* Work instructions *
Take the lines below beginning at the line that has "#59=CARTESIAN_POINT('',(-35.8775,0.,3.175));" and stopping after the line that has "#69=VERTEX_POINT('',#68);", and print them exactly as they are, with no other lines.

* Data records *

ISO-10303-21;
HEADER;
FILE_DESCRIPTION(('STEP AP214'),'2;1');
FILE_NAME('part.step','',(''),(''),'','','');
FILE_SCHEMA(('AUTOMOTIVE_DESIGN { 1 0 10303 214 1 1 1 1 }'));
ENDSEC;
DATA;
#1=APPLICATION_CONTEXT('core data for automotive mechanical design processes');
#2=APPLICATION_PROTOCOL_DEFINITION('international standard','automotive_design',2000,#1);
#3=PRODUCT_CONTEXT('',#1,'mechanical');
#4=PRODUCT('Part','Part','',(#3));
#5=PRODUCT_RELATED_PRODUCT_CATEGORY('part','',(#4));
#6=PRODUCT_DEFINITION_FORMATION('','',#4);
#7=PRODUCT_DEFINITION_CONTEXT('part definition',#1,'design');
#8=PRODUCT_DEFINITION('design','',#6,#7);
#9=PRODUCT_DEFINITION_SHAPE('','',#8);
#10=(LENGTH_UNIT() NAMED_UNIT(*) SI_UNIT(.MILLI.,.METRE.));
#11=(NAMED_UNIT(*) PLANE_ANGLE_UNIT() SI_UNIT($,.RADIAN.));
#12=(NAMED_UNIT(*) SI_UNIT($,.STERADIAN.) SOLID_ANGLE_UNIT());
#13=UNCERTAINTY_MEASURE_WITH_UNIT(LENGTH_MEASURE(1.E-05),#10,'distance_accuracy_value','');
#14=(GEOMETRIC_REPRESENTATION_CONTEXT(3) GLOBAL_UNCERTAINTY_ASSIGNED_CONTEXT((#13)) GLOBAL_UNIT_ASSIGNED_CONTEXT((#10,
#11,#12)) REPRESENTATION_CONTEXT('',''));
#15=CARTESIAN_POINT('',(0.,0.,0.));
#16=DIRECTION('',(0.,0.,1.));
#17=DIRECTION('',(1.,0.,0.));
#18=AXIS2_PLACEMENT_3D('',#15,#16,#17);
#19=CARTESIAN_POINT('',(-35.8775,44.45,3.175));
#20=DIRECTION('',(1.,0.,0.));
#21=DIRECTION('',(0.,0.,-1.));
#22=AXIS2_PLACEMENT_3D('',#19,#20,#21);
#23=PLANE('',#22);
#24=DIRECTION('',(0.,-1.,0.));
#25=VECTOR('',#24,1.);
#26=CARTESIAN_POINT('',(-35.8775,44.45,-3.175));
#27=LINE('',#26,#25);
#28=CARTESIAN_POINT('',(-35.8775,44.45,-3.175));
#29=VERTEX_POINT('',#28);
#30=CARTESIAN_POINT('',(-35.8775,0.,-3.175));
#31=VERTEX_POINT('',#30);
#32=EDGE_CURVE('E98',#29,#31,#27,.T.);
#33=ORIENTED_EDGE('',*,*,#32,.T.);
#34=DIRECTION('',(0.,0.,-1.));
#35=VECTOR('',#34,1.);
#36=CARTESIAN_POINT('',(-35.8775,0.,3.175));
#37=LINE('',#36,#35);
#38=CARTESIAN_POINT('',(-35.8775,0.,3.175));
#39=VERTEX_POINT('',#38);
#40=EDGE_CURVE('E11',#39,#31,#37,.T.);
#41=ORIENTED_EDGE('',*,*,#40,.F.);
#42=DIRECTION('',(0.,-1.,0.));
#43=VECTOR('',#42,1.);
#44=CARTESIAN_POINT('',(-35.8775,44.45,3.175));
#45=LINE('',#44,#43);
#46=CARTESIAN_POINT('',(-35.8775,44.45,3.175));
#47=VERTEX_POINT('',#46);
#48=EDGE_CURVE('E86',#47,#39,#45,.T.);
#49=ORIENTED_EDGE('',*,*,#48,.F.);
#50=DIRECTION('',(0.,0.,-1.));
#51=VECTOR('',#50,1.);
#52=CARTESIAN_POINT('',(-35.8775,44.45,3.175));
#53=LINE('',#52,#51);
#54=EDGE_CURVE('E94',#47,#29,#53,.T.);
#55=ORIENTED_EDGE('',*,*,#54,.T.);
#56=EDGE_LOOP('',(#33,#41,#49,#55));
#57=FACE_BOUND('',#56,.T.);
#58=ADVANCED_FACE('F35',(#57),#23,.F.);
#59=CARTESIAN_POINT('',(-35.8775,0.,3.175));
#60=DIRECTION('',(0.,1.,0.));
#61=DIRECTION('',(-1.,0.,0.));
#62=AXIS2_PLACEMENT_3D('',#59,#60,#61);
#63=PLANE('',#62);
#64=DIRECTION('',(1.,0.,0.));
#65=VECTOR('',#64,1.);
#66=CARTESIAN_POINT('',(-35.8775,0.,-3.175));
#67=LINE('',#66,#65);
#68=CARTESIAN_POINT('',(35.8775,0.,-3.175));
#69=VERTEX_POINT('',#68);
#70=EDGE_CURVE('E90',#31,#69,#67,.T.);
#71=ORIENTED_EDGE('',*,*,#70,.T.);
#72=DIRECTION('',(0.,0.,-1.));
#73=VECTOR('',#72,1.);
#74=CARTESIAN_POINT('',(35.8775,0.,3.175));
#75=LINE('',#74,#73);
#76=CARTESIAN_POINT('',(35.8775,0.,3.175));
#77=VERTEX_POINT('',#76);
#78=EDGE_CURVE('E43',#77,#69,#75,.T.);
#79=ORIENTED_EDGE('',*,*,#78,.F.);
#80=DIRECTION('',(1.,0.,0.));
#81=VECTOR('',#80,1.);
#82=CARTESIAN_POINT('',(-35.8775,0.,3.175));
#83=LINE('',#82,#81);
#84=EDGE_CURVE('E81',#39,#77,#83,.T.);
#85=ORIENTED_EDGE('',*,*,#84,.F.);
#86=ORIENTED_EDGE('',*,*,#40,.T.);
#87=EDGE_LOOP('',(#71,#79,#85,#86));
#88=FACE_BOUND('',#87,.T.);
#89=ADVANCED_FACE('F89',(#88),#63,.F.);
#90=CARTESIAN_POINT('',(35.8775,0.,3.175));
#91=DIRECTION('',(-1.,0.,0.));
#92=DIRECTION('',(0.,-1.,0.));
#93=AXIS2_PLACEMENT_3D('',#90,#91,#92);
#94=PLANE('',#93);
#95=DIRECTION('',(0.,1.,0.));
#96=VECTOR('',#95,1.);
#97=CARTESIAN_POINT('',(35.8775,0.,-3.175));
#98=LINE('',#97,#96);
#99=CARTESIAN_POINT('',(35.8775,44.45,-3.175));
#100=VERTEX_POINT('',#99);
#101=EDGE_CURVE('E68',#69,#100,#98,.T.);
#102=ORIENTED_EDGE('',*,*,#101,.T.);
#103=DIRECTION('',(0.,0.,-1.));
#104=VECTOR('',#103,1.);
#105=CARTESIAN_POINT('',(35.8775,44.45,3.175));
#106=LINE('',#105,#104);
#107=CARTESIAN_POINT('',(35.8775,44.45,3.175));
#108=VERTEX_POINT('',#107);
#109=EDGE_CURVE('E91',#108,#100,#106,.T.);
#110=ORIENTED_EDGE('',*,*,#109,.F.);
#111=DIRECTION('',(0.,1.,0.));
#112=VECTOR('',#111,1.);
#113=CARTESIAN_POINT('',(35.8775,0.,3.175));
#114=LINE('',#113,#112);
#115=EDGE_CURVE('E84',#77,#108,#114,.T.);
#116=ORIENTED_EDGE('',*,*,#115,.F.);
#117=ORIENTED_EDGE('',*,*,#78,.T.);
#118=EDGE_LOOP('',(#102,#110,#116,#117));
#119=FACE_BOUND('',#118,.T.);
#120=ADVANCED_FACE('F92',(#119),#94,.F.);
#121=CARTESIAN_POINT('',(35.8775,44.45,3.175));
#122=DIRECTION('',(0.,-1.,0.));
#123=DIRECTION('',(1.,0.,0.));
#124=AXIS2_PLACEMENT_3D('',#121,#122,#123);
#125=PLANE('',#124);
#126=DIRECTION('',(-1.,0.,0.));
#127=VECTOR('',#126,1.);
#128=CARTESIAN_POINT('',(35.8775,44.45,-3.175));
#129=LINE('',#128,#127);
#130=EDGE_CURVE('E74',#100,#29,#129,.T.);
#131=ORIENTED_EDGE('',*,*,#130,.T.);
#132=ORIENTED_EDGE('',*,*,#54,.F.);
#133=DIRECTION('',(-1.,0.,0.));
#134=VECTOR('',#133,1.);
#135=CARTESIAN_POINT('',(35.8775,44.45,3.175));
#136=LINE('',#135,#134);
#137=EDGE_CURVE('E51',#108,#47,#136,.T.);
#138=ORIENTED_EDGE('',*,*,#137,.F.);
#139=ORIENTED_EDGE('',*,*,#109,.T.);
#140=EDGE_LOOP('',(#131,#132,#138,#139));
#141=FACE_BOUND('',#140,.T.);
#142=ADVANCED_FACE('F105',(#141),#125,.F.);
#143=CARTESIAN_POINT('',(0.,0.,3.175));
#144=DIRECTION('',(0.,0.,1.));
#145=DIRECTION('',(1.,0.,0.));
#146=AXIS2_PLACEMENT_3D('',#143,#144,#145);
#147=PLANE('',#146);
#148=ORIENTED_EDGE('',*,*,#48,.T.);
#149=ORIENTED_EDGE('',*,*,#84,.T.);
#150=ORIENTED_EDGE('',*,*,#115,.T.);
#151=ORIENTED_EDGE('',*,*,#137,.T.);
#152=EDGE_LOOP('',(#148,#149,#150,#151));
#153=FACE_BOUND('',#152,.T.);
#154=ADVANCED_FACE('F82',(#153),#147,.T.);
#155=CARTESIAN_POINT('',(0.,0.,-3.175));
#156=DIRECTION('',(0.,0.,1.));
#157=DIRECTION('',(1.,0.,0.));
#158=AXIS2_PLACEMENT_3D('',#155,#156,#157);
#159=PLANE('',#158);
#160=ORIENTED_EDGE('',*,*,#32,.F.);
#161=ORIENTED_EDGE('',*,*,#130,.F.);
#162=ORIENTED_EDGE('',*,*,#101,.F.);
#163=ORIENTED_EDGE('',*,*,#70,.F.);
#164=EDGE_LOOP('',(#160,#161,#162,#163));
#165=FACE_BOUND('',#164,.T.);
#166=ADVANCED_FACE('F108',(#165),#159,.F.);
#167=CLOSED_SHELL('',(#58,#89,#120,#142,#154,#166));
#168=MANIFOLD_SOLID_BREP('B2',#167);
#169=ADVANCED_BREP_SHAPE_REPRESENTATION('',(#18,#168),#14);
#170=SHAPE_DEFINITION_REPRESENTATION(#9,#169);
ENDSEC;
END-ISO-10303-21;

* Written answer *
#59=CARTESIAN_POINT('',(-35.8775,0.,3.175));
#60=DIRECTION('',(0.,1.,0.));
#61=DIRECTION('',(-1.,0.,0.));
#62=AXIS2_PLACEMENT_3D('',#59,#60,#61);
#63=PLANE('',#62);
#64=DIRECTION('',(1.,0.,0.));
#65=VECTOR('',#64,1.);
#66=CARTESIAN_POINT('',(-35.8775,0.,-3.175));
#67=LINE('',#66,#65);
#68=CARTESIAN_POINT('',(35.8775,0.,-3.175));
#69=VERTEX_POINT('',#68);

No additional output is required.